The link between the categorical factors and the variable of interest, churn, has been examined in more detail. The following are some of the major findings from our analysis:

  • Given that the percentage of clients that churn is consistent across locales, location code does not apply to be a reliable predictor of attrition.
  • Customers who have activated push alerts are less likely to leave a company, indicating that urging them to do so may assist lower churn.
  • It indicates that a customer's chance to stick with the company strongly correlates with whether or not they have saved their payment details on the website. Customers are far less likely to leave the site if they have saved their payment details on the website than if they have yet to.

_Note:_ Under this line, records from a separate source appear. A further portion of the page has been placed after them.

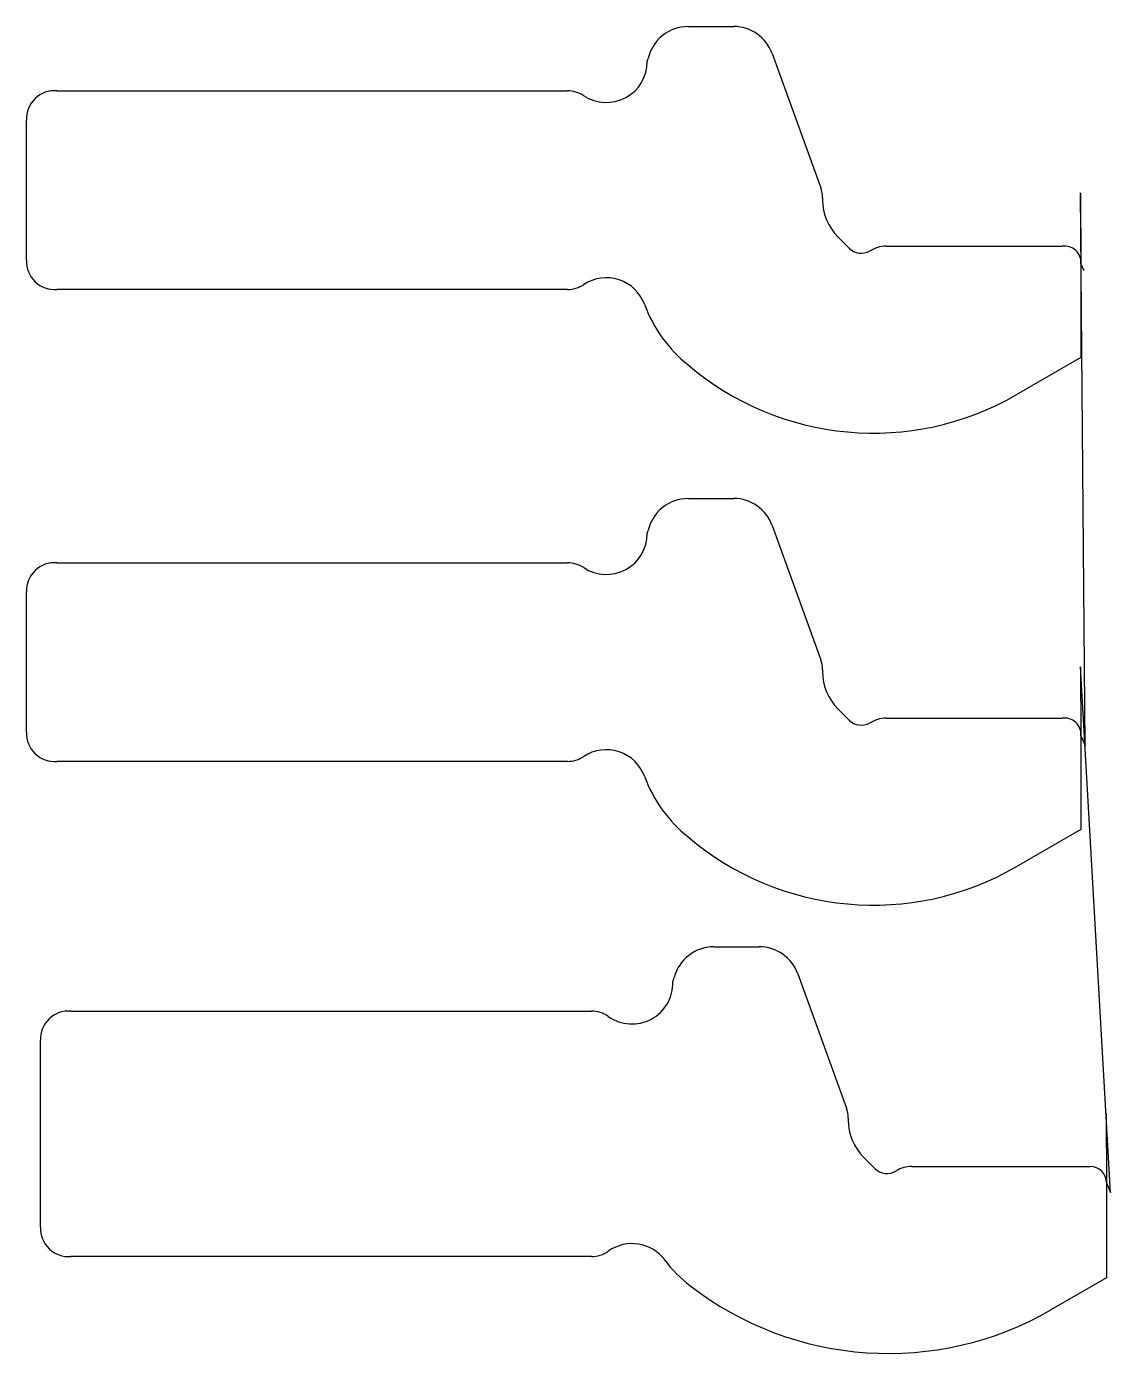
# Model space of a CAD drawing. Header units: metres. Extents: x 112 to 576, y 68 to 636.
import ezdxf

# ---------------------------------------------------------------- set-up
doc = ezdxf.new("R2010")
doc.units = ezdxf.units.M

msp = doc.modelspace()

# ---------------------------------------------------------------- linework, layer by layer
at = {"layer": 'TOOL_0'}
for p, q in [((395.191, 635.763), (414.672, 635.763)), ((377.691, 620.81), (378.079, 622.024)), ((431.125, 624.224), (451.943, 566.765)), ((125.191, 608.263), (343.608, 608.263)), ((112.191, 535.763), (112.191, 595.763)), ((452.691, 562.507), (452.691, 561.618)), ((565.025, 328.13), (562.968, 564.674)), ((562.968, 564.674), (563.191, 534.263)), ((459.281, 545.708), (464.03, 540.959)), ((479.869, 541.763), (555.191, 541.763)), ((563.191, 534.263), (563.191, 494.108)), ((563.191, 534.263), (564.402, 531.351)), ((343.608, 523.263), (125.191, 523.263)), ((563.191, 494.108), (535.52, 478.132)), ((395.191, 433.805), (414.672, 433.805)), ((431.125, 422.266), (451.943, 364.807)), ((377.691, 418.852), (378.079, 420.066)), ((125.191, 406.305), (343.608, 406.305)), ((112.191, 333.805), (112.191, 393.805)), ((452.691, 360.549), (452.691, 359.66)), ((575.847, 136.827), (562.996, 361.787)), ((562.996, 361.787), (563.191, 332.305)), ((459.281, 343.75), (464.03, 339.001)), ((479.869, 339.805), (555.191, 339.805)), ((563.191, 332.305), (563.191, 292.15)), ((563.191, 332.305), (565.025, 328.13)), ((343.608, 321.305), (125.191, 321.305)), ((563.191, 292.15), (535.52, 276.174)), ((406.152, 241.961), (425.633, 241.961)), ((442.086, 230.422), (462.904, 172.963)), ((131.151, 214.462), (353.838, 214.462)), ((118.151, 121.962), (118.151, 201.962)), ((574.084, 170.711), (574.151, 140.962)), ((463.652, 168.705), (463.652, 167.816)), ((470.242, 151.906), (474.991, 147.157)), ((490.83, 147.96), (567.152, 147.96)), ((574.151, 140.962), (574.151, 100.307)), ((574.152, 140.96), (575.847, 136.827)), ((353.838, 109.462), (131.151, 109.462)), ((574.151, 100.307), (550.349, 86.565))]:
    msp.add_line(p, q, dxfattribs=at)
for centre, radius, start, end in [((395.235, 618.182), 17.581, 90.14339, 167.37717), ((414.672, 618.263), 17.5, 19.91569, 90), ((360.191, 620.763), 17.499, 236.44342, 0.15388), ((124.179, 596.306), 12, 85.16221, 182.59346), ((343.547, 595.561), 12.702, 56.71651, 89.72485), ((439.671, 562.416), 13.02, 0.40045, 19.51351), ((475.308, 561.667), 22.617, 180.12413, 224.87819), ((469.333, 546.262), 7.5, 225, 297.75071), ((479.989, 528.694), 13.069, 90.52608, 123.24018), ((556.215, 534.838), 7, 355.28802, 98.41138), ((124.179, 535.22), 12, 177.40654, 274.83779), ((360.192, 510.763), 17.5, 19.87737, 123.55931), ((343.548, 535.964), 12.701, 270.27067, 303.2822), ((431.839, 536.865), 58.754, 200.05909, 231.39578), ((474.432, 583.971), 122.203, 229.56968, 299.99262), ((395.235, 416.224), 17.581, 90.14339, 167.37717), ((414.672, 416.305), 17.5, 19.91569, 90), ((360.191, 418.805), 17.499, 236.44342, 0.15388), ((124.179, 394.348), 12, 85.16221, 182.59346), ((343.547, 393.603), 12.702, 56.71651, 89.72485), ((439.671, 360.458), 13.02, 0.40045, 19.51351), ((475.308, 359.709), 22.617, 180.12413, 224.87819), ((469.333, 344.304), 7.5, 225, 297.75071), ((479.989, 326.736), 13.069, 90.52608, 123.24018), ((556.215, 332.88), 7, 355.28802, 98.41138), ((124.179, 333.262), 12, 177.40654, 274.83779), ((360.192, 308.805), 17.5, 19.87737, 123.55931), ((343.548, 334.006), 12.701, 270.27067, 303.2822), ((431.839, 334.907), 58.754, 200.05909, 231.39578), ((474.432, 382.013), 122.203, 229.56968, 299.99262), ((406.152, 224.461), 17.5, 90, 165.52224), ((425.633, 224.461), 17.5, 19.91569, 90), ((367.422, 234.461), 22.5, 340.59627, 345.52279), ((371.151, 226.462), 17.5, 234.75424, 1.71577), ((130.139, 202.505), 12, 85.16221, 182.59346), ((353.838, 201.962), 12.5, 54.75113, 90), ((451.152, 168.705), 12.5, 0, 19.91653), ((486.152, 167.816), 22.5, 180, 225), ((490.83, 135.46), 12.5, 90, 121.78917), ((567.152, 140.96), 7, 0, 90), ((480.294, 152.46), 7.5, 225, 301.78917), ((130.139, 121.419), 12, 177.40654, 274.83779), ((371.151, 97.463), 17.5, 36.8699, 125.24765), ((353.838, 121.962), 12.5, 270, 305.24887), ((431.151, 142.462), 57.5, 216.8691, 232.28189), ((480.921, 206.817), 138.855, 232.28244, 300.00017)]:
    msp.add_arc(centre, radius, start, end, dxfattribs=at)

doc.saveas('drawing.dxf')

This connection is reasonable, given that saving.
  • The website's content indicates brand credibility, likely increasing client loyalty.

The organisation may use this knowledge to reduce customer turnover by concentrating on certain client behaviours.

Conclusion

In conclusion, organisations may benefit greatly from utilising Python for consumer behaviour analysis. Businesses may learn about their customer's demographics, buying patterns, and other pertinent information by putting consumer behaviour data into a Pandas DataFrame and performing exploratory data analysis. Thanks to the sample we utilised, we got insights from descriptive statistics of data, like the average account length, wish list adds, desktop and application sessions, session duration, promotion click, and sales product views. Businesses may enhance their strategy and marketing initiatives by discovering outliers and correlations between attributes to serve their consumers better.